She wants others in her situation, no matter their age, to know that even though they are single, they’re not alone. Anderson devotes a chapter to “grieving singleness” and adjusting for a romantic life and relationships that (so far) haven’t played out as imagined. She also cautions the hopeful not to sabotage the process with unrealistic expectations.
[Editor’s note: Lisa Anderson is a member of Village Seven Presbyterian Church in America (PCA) in Colorado Springs, Colo.]
Dating can feel like a game of musical chairs to which one has arrived late, especially for older singles who wear the status unintentionally. When the band starts to wrap another set, the pressure (read: panic) can be hard for the accidentally unpaired to ignore.
Lisa Anderson always assumed she’d get married, but when she found herself on her own in her 30s, she made peace with it – or so she thought. The reality of her feelings landed like a sucker punch one day when she decided on a whim to go for a spin on a Ferris wheel.
As a solo rider, she was turned away.
“I never felt more single in my entire life,” wrote Anderson in the anecdote that opens her book, “The Dating Manifesto,” a memoir/relationship guide that the 44-year-old Colorado Springs resident wishes was around when she was in her 20s.

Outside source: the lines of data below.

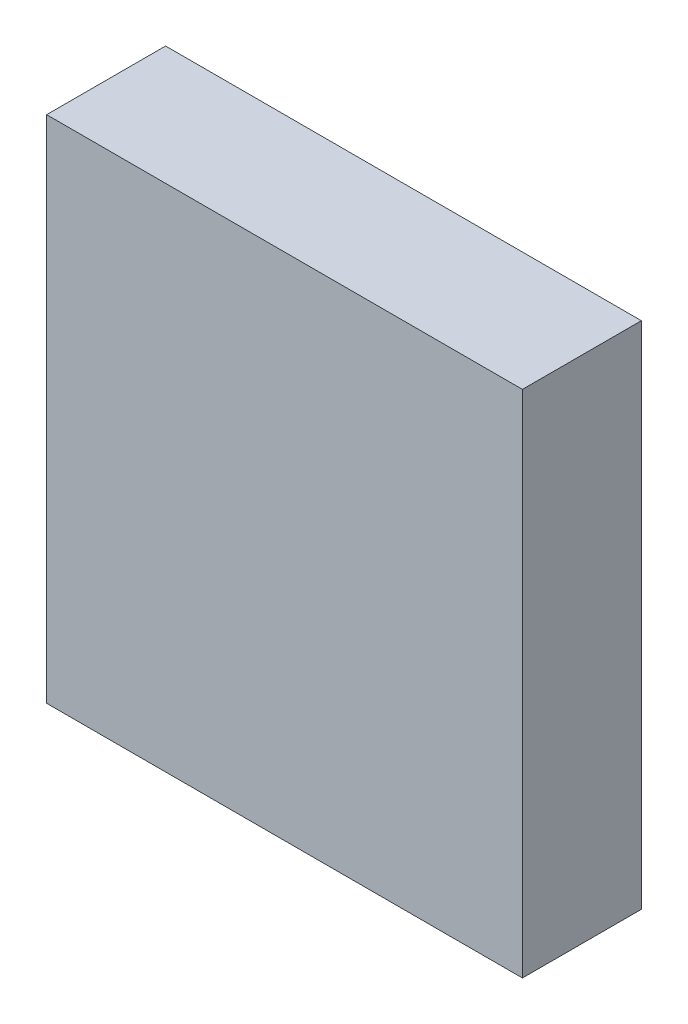
ISO-10303-21;
HEADER;
FILE_DESCRIPTION(('STEP AP214'),'2;1');
FILE_NAME('part.step','',(''),(''),'','','');
FILE_SCHEMA(('AUTOMOTIVE_DESIGN { 1 0 10303 214 1 1 1 1 }'));
ENDSEC;
DATA;
#1=APPLICATION_CONTEXT('core data for automotive mechanical design processes');
#2=APPLICATION_PROTOCOL_DEFINITION('international standard','automotive_design',2000,#1);
#3=PRODUCT_CONTEXT('',#1,'mechanical');
#4=PRODUCT('Part','Part','',(#3));
#5=PRODUCT_RELATED_PRODUCT_CATEGORY('part','',(#4));
#6=PRODUCT_DEFINITION_FORMATION('','',#4);
#7=PRODUCT_DEFINITION_CONTEXT('part definition',#1,'design');
#8=PRODUCT_DEFINITION('design','',#6,#7);
#9=PRODUCT_DEFINITION_SHAPE('','',#8);
#10=(LENGTH_UNIT() NAMED_UNIT(*) SI_UNIT(.MILLI.,.METRE.));
#11=(NAMED_UNIT(*) PLANE_ANGLE_UNIT() SI_UNIT($,.RADIAN.));
#12=(NAMED_UNIT(*) SI_UNIT($,.STERADIAN.) SOLID_ANGLE_UNIT());
#13=UNCERTAINTY_MEASURE_WITH_UNIT(LENGTH_MEASURE(1.E-05),#10,'distance_accuracy_value','');
#14=(GEOMETRIC_REPRESENTATION_CONTEXT(3) GLOBAL_UNCERTAINTY_ASSIGNED_CONTEXT((#13)) GLOBAL_UNIT_ASSIGNED_CONTEXT((#10,
#11,#12)) REPRESENTATION_CONTEXT('',''));
#15=CARTESIAN_POINT('',(0.,0.,0.));
#16=DIRECTION('',(0.,0.,1.));
#17=DIRECTION('',(1.,0.,0.));
#18=AXIS2_PLACEMENT_3D('',#15,#16,#17);
#19=CARTESIAN_POINT('',(-70.,-75.,35.));
#20=DIRECTION('',(0.,1.,0.));
#21=DIRECTION('',(0.,0.,1.));
#22=AXIS2_PLACEMENT_3D('',#19,#20,#21);
#23=PLANE('',#22);
#24=DIRECTION('',(1.,0.,0.));
#25=VECTOR('',#24,1.);
#26=CARTESIAN_POINT('',(-70.,-75.,0.));
#27=LINE('',#26,#25);
#28=CARTESIAN_POINT('',(-70.,-75.,0.));
#29=VERTEX_POINT('',#28);
#30=CARTESIAN_POINT('',(70.,-75.,0.));
#31=VERTEX_POINT('',#30);
#32=EDGE_CURVE('E138',#29,#31,#27,.T.);
#33=ORIENTED_EDGE('',*,*,#32,.T.);
#34=DIRECTION('',(0.,0.,-1.));
#35=VECTOR('',#34,1.);
#36=CARTESIAN_POINT('',(70.,-75.,35.));
#37=LINE('',#36,#35);
#38=CARTESIAN_POINT('',(70.,-75.,35.));
#39=VERTEX_POINT('',#38);
#40=EDGE_CURVE('E47',#39,#31,#37,.T.);
#41=ORIENTED_EDGE('',*,*,#40,.F.);
#42=DIRECTION('',(1.,0.,0.));
#43=VECTOR('',#42,1.);
#44=CARTESIAN_POINT('',(-70.,-75.,35.));
#45=LINE('',#44,#43);
#46=CARTESIAN_POINT('',(-70.,-75.,35.));
#47=VERTEX_POINT('',#46);
#48=EDGE_CURVE('E91',#47,#39,#45,.T.);
#49=ORIENTED_EDGE('',*,*,#48,.F.);
#50=DIRECTION('',(0.,0.,-1.));
#51=VECTOR('',#50,1.);
#52=CARTESIAN_POINT('',(-70.,-75.,35.));
#53=LINE('',#52,#51);
#54=EDGE_CURVE('E11',#47,#29,#53,.T.);
#55=ORIENTED_EDGE('',*,*,#54,.T.);
#56=EDGE_LOOP('',(#33,#41,#49,#55));
#57=FACE_BOUND('',#56,.T.);
#58=DIRECTION('',(-1.,0.,0.));
#59=VECTOR('',#58,1.);
#60=CARTESIAN_POINT('',(-45.,-75.,20.));
#61=LINE('',#60,#59);
#62=CARTESIAN_POINT('',(45.,-75.,20.));
#63=VERTEX_POINT('',#62);
#64=CARTESIAN_POINT('',(-45.,-75.,20.));
#65=VERTEX_POINT('',#64);
#66=EDGE_CURVE('E129',#63,#65,#61,.T.);
#67=ORIENTED_EDGE('',*,*,#66,.F.);
#68=DIRECTION('',(0.,0.,-1.));
#69=VECTOR('',#68,1.);
#70=CARTESIAN_POINT('',(45.,-75.,20.));
#71=LINE('',#70,#69);
#72=CARTESIAN_POINT('',(45.,-75.,4.));
#73=VERTEX_POINT('',#72);
#74=EDGE_CURVE('E140',#63,#73,#71,.T.);
#75=ORIENTED_EDGE('',*,*,#74,.T.);
#76=DIRECTION('',(-1.,0.,0.));
#77=VECTOR('',#76,1.);
#78=CARTESIAN_POINT('',(-45.,-75.,4.));
#79=LINE('',#78,#77);
#80=CARTESIAN_POINT('',(-45.,-75.,4.));
#81=VERTEX_POINT('',#80);
#82=EDGE_CURVE('E132',#73,#81,#79,.T.);
#83=ORIENTED_EDGE('',*,*,#82,.T.);
#84=DIRECTION('',(0.,0.,-1.));
#85=VECTOR('',#84,1.);
#86=CARTESIAN_POINT('',(-45.,-75.,20.));
#87=LINE('',#86,#85);
#88=EDGE_CURVE('E190',#65,#81,#87,.T.);
#89=ORIENTED_EDGE('',*,*,#88,.F.);
#90=EDGE_LOOP('',(#67,#75,#83,#89));
#91=FACE_BOUND('',#90,.T.);
#92=ADVANCED_FACE('F39',(#57,#91),#23,.F.);
#93=CARTESIAN_POINT('',(-70.,-75.,35.));
#94=DIRECTION('',(1.,0.,0.));
#95=DIRECTION('',(0.,0.,-1.));
#96=AXIS2_PLACEMENT_3D('',#93,#94,#95);
#97=PLANE('',#96);
#98=DIRECTION('',(0.,-1.,0.));
#99=VECTOR('',#98,1.);
#100=CARTESIAN_POINT('',(-70.,-75.,0.));
#101=LINE('',#100,#99);
#102=CARTESIAN_POINT('',(-70.,75.,0.));
#103=VERTEX_POINT('',#102);
#104=EDGE_CURVE('E135',#103,#29,#101,.T.);
#105=ORIENTED_EDGE('',*,*,#104,.T.);
#106=ORIENTED_EDGE('',*,*,#54,.F.);
#107=DIRECTION('',(0.,-1.,0.));
#108=VECTOR('',#107,1.);
#109=CARTESIAN_POINT('',(-70.,-75.,35.));
#110=LINE('',#109,#108);
#111=CARTESIAN_POINT('',(-70.,75.,35.));
#112=VERTEX_POINT('',#111);
#113=EDGE_CURVE('E144',#112,#47,#110,.T.);
#114=ORIENTED_EDGE('',*,*,#113,.F.);
#115=DIRECTION('',(0.,0.,-1.));
#116=VECTOR('',#115,1.);
#117=CARTESIAN_POINT('',(-70.,75.,35.));
#118=LINE('',#117,#116);
#119=EDGE_CURVE('E149',#112,#103,#118,.T.);
#120=ORIENTED_EDGE('',*,*,#119,.T.);
#121=EDGE_LOOP('',(#105,#106,#114,#120));
#122=FACE_BOUND('',#121,.T.);
#123=ADVANCED_FACE('F41',(#122),#97,.F.);
#124=CARTESIAN_POINT('',(70.,-75.,35.));
#125=DIRECTION('',(-1.,0.,0.));
#126=DIRECTION('',(0.,0.,1.));
#127=AXIS2_PLACEMENT_3D('',#124,#125,#126);
#128=PLANE('',#127);
#129=DIRECTION('',(0.,1.,0.));
#130=VECTOR('',#129,1.);
#131=CARTESIAN_POINT('',(70.,-75.,0.));
#132=LINE('',#131,#130);
#133=CARTESIAN_POINT('',(70.,75.,0.));
#134=VERTEX_POINT('',#133);
#135=EDGE_CURVE('E152',#31,#134,#132,.T.);
#136=ORIENTED_EDGE('',*,*,#135,.T.);
#137=DIRECTION('',(0.,0.,-1.));
#138=VECTOR('',#137,1.);
#139=CARTESIAN_POINT('',(70.,75.,35.));
#140=LINE('',#139,#138);
#141=CARTESIAN_POINT('',(70.,75.,35.));
#142=VERTEX_POINT('',#141);
#143=EDGE_CURVE('E156',#142,#134,#140,.T.);
#144=ORIENTED_EDGE('',*,*,#143,.F.);
#145=DIRECTION('',(0.,1.,0.));
#146=VECTOR('',#145,1.);
#147=CARTESIAN_POINT('',(70.,-75.,35.));
#148=LINE('',#147,#146);
#149=EDGE_CURVE('E147',#39,#142,#148,.T.);
#150=ORIENTED_EDGE('',*,*,#149,.F.);
#151=ORIENTED_EDGE('',*,*,#40,.T.);
#152=EDGE_LOOP('',(#136,#144,#150,#151));
#153=FACE_BOUND('',#152,.T.);
#154=ADVANCED_FACE('F161',(#153),#128,.F.);
#155=CARTESIAN_POINT('',(-70.,75.,35.));
#156=DIRECTION('',(0.,-1.,0.));
#157=DIRECTION('',(0.,0.,-1.));
#158=AXIS2_PLACEMENT_3D('',#155,#156,#157);
#159=PLANE('',#158);
#160=DIRECTION('',(-1.,0.,0.));
#161=VECTOR('',#160,1.);
#162=CARTESIAN_POINT('',(-70.,75.,0.));
#163=LINE('',#162,#161);
#164=EDGE_CURVE('E84',#134,#103,#163,.T.);
#165=ORIENTED_EDGE('',*,*,#164,.T.);
#166=ORIENTED_EDGE('',*,*,#119,.F.);
#167=DIRECTION('',(-1.,0.,0.));
#168=VECTOR('',#167,1.);
#169=CARTESIAN_POINT('',(-70.,75.,35.));
#170=LINE('',#169,#168);
#171=EDGE_CURVE('E63',#142,#112,#170,.T.);
#172=ORIENTED_EDGE('',*,*,#171,.F.);
#173=ORIENTED_EDGE('',*,*,#143,.T.);
#174=EDGE_LOOP('',(#165,#166,#172,#173));
#175=FACE_BOUND('',#174,.T.);
#176=ADVANCED_FACE('F169',(#175),#159,.F.);
#177=CARTESIAN_POINT('',(0.,0.,35.));
#178=DIRECTION('',(0.,0.,-1.));
#179=DIRECTION('',(-1.,0.,0.));
#180=AXIS2_PLACEMENT_3D('',#177,#178,#179);
#181=PLANE('',#180);
#182=ORIENTED_EDGE('',*,*,#113,.T.);
#183=ORIENTED_EDGE('',*,*,#48,.T.);
#184=ORIENTED_EDGE('',*,*,#149,.T.);
#185=ORIENTED_EDGE('',*,*,#171,.T.);
#186=EDGE_LOOP('',(#182,#183,#184,#185));
#187=FACE_BOUND('',#186,.T.);
#188=ADVANCED_FACE('F171',(#187),#181,.F.);
#189=CARTESIAN_POINT('',(0.,0.,0.));
#190=DIRECTION('',(0.,0.,-1.));
#191=DIRECTION('',(-1.,0.,0.));
#192=AXIS2_PLACEMENT_3D('',#189,#190,#191);
#193=PLANE('',#192);
#194=ORIENTED_EDGE('',*,*,#104,.F.);
#195=ORIENTED_EDGE('',*,*,#164,.F.);
#196=ORIENTED_EDGE('',*,*,#135,.F.);
#197=ORIENTED_EDGE('',*,*,#32,.F.);
#198=EDGE_LOOP('',(#194,#195,#196,#197));
#199=FACE_BOUND('',#198,.T.);
#200=ADVANCED_FACE('F165',(#199),#193,.T.);
#201=CARTESIAN_POINT('',(-45.,-81.,20.));
#202=DIRECTION('',(1.,0.,0.));
#203=DIRECTION('',(0.,0.,-1.));
#204=AXIS2_PLACEMENT_3D('',#201,#202,#203);
#205=PLANE('',#204);
#206=DIRECTION('',(0.,-1.,0.));
#207=VECTOR('',#206,1.);
#208=CARTESIAN_POINT('',(-45.,-81.,4.));
#209=LINE('',#208,#207);
#210=CARTESIAN_POINT('',(-45.,-81.,4.));
#211=VERTEX_POINT('',#210);
#212=EDGE_CURVE('E54',#81,#211,#209,.T.);
#213=ORIENTED_EDGE('',*,*,#212,.T.);
#214=DIRECTION('',(0.,0.,-1.));
#215=VECTOR('',#214,1.);
#216=CARTESIAN_POINT('',(-45.,-81.,20.));
#217=LINE('',#216,#215);
#218=CARTESIAN_POINT('',(-45.,-81.,20.));
#219=VERTEX_POINT('',#218);
#220=EDGE_CURVE('E118',#219,#211,#217,.T.);
#221=ORIENTED_EDGE('',*,*,#220,.F.);
#222=DIRECTION('',(0.,-1.,0.));
#223=VECTOR('',#222,1.);
#224=CARTESIAN_POINT('',(-45.,-81.,20.));
#225=LINE('',#224,#223);
#226=EDGE_CURVE('E124',#65,#219,#225,.T.);
#227=ORIENTED_EDGE('',*,*,#226,.F.);
#228=ORIENTED_EDGE('',*,*,#88,.T.);
#229=EDGE_LOOP('',(#213,#221,#227,#228));
#230=FACE_BOUND('',#229,.T.);
#231=ADVANCED_FACE('F134',(#230),#205,.F.);
#232=CARTESIAN_POINT('',(-45.,-81.,20.));
#233=DIRECTION('',(0.,1.,0.));
#234=DIRECTION('',(0.,0.,1.));
#235=AXIS2_PLACEMENT_3D('',#232,#233,#234);
#236=PLANE('',#235);
#237=DIRECTION('',(1.,0.,0.));
#238=VECTOR('',#237,1.);
#239=CARTESIAN_POINT('',(-45.,-81.,4.));
#240=LINE('',#239,#238);
#241=CARTESIAN_POINT('',(45.,-81.,4.));
#242=VERTEX_POINT('',#241);
#243=EDGE_CURVE('E196',#211,#242,#240,.T.);
#244=ORIENTED_EDGE('',*,*,#243,.T.);
#245=DIRECTION('',(0.,0.,-1.));
#246=VECTOR('',#245,1.);
#247=CARTESIAN_POINT('',(45.,-81.,20.));
#248=LINE('',#247,#246);
#249=CARTESIAN_POINT('',(45.,-81.,20.));
#250=VERTEX_POINT('',#249);
#251=EDGE_CURVE('E120',#250,#242,#248,.T.);
#252=ORIENTED_EDGE('',*,*,#251,.F.);
#253=DIRECTION('',(1.,0.,0.));
#254=VECTOR('',#253,1.);
#255=CARTESIAN_POINT('',(-45.,-81.,20.));
#256=LINE('',#255,#254);
#257=EDGE_CURVE('E114',#219,#250,#256,.T.);
#258=ORIENTED_EDGE('',*,*,#257,.F.);
#259=ORIENTED_EDGE('',*,*,#220,.T.);
#260=EDGE_LOOP('',(#244,#252,#258,#259));
#261=FACE_BOUND('',#260,.T.);
#262=ADVANCED_FACE('F116',(#261),#236,.F.);
#263=CARTESIAN_POINT('',(45.,-81.,20.));
#264=DIRECTION('',(-1.,0.,0.));
#265=DIRECTION('',(0.,0.,1.));
#266=AXIS2_PLACEMENT_3D('',#263,#264,#265);
#267=PLANE('',#266);
#268=DIRECTION('',(0.,1.,0.));
#269=VECTOR('',#268,1.);
#270=CARTESIAN_POINT('',(45.,-81.,4.));
#271=LINE('',#270,#269);
#272=EDGE_CURVE('E198',#242,#73,#271,.T.);
#273=ORIENTED_EDGE('',*,*,#272,.T.);
#274=ORIENTED_EDGE('',*,*,#74,.F.);
#275=DIRECTION('',(0.,1.,0.));
#276=VECTOR('',#275,1.);
#277=CARTESIAN_POINT('',(45.,-81.,20.));
#278=LINE('',#277,#276);
#279=EDGE_CURVE('E123',#250,#63,#278,.T.);
#280=ORIENTED_EDGE('',*,*,#279,.F.);
#281=ORIENTED_EDGE('',*,*,#251,.T.);
#282=EDGE_LOOP('',(#273,#274,#280,#281));
#283=FACE_BOUND('',#282,.T.);
#284=ADVANCED_FACE('F203',(#283),#267,.F.);
#285=CARTESIAN_POINT('',(0.,0.,20.));
#286=DIRECTION('',(0.,0.,-1.));
#287=DIRECTION('',(-1.,0.,0.));
#288=AXIS2_PLACEMENT_3D('',#285,#286,#287);
#289=PLANE('',#288);
#290=ORIENTED_EDGE('',*,*,#226,.T.);
#291=ORIENTED_EDGE('',*,*,#257,.T.);
#292=ORIENTED_EDGE('',*,*,#279,.T.);
#293=ORIENTED_EDGE('',*,*,#66,.T.);
#294=EDGE_LOOP('',(#290,#291,#292,#293));
#295=FACE_BOUND('',#294,.T.);
#296=ADVANCED_FACE('F127',(#295),#289,.F.);
#297=CARTESIAN_POINT('',(0.,0.,4.));
#298=DIRECTION('',(0.,0.,-1.));
#299=DIRECTION('',(-1.,0.,0.));
#300=AXIS2_PLACEMENT_3D('',#297,#298,#299);
#301=PLANE('',#300);
#302=ORIENTED_EDGE('',*,*,#212,.F.);
#303=ORIENTED_EDGE('',*,*,#82,.F.);
#304=ORIENTED_EDGE('',*,*,#272,.F.);
#305=ORIENTED_EDGE('',*,*,#243,.F.);
#306=EDGE_LOOP('',(#302,#303,#304,#305));
#307=FACE_BOUND('',#306,.T.);
#308=ADVANCED_FACE('F201',(#307),#301,.T.);
#309=CLOSED_SHELL('',(#92,#123,#154,#176,#188,#200,#231,#262,#284,#296,#308));
#310=MANIFOLD_SOLID_BREP('B2',#309);
#311=ADVANCED_BREP_SHAPE_REPRESENTATION('',(#18,#310),#14);
#312=SHAPE_DEFINITION_REPRESENTATION(#9,#311);
ENDSEC;
END-ISO-10303-21;

As Focus on the Family’s director of young adults and host of “The Boundless Show,” a national radio program and podcast, Anderson dispenses advice and discusses Christian dating and issues affecting millennials.
She mined her own romantic through-line – misadventures, misconceptions and the wisdom of hindsight – for the book she hopes will help readers break the cycle of dysfunctional dating and set lofty, yet obtainable, relationship goals.
“With other books I’ve read in the past, there were either a lot of formulas or a lot of platitudes: ‘Do x, y, z and you’ll find your prince,’ or ‘As soon as you stop thinking about it, God’s going to bring someone amazing and put them in your lap,'” said Anderson, whose book was published last year by the Colorado Springs-based David C. Cook ministry. “It was all either super prescriptive or super enabling … and just seemed very saccharine to me.”
Anderson’s book is a view of dating from the trenches, with insights garnered from ongoing experiences, rather than the more familiar retrospective work by someone sharing tips that helped them.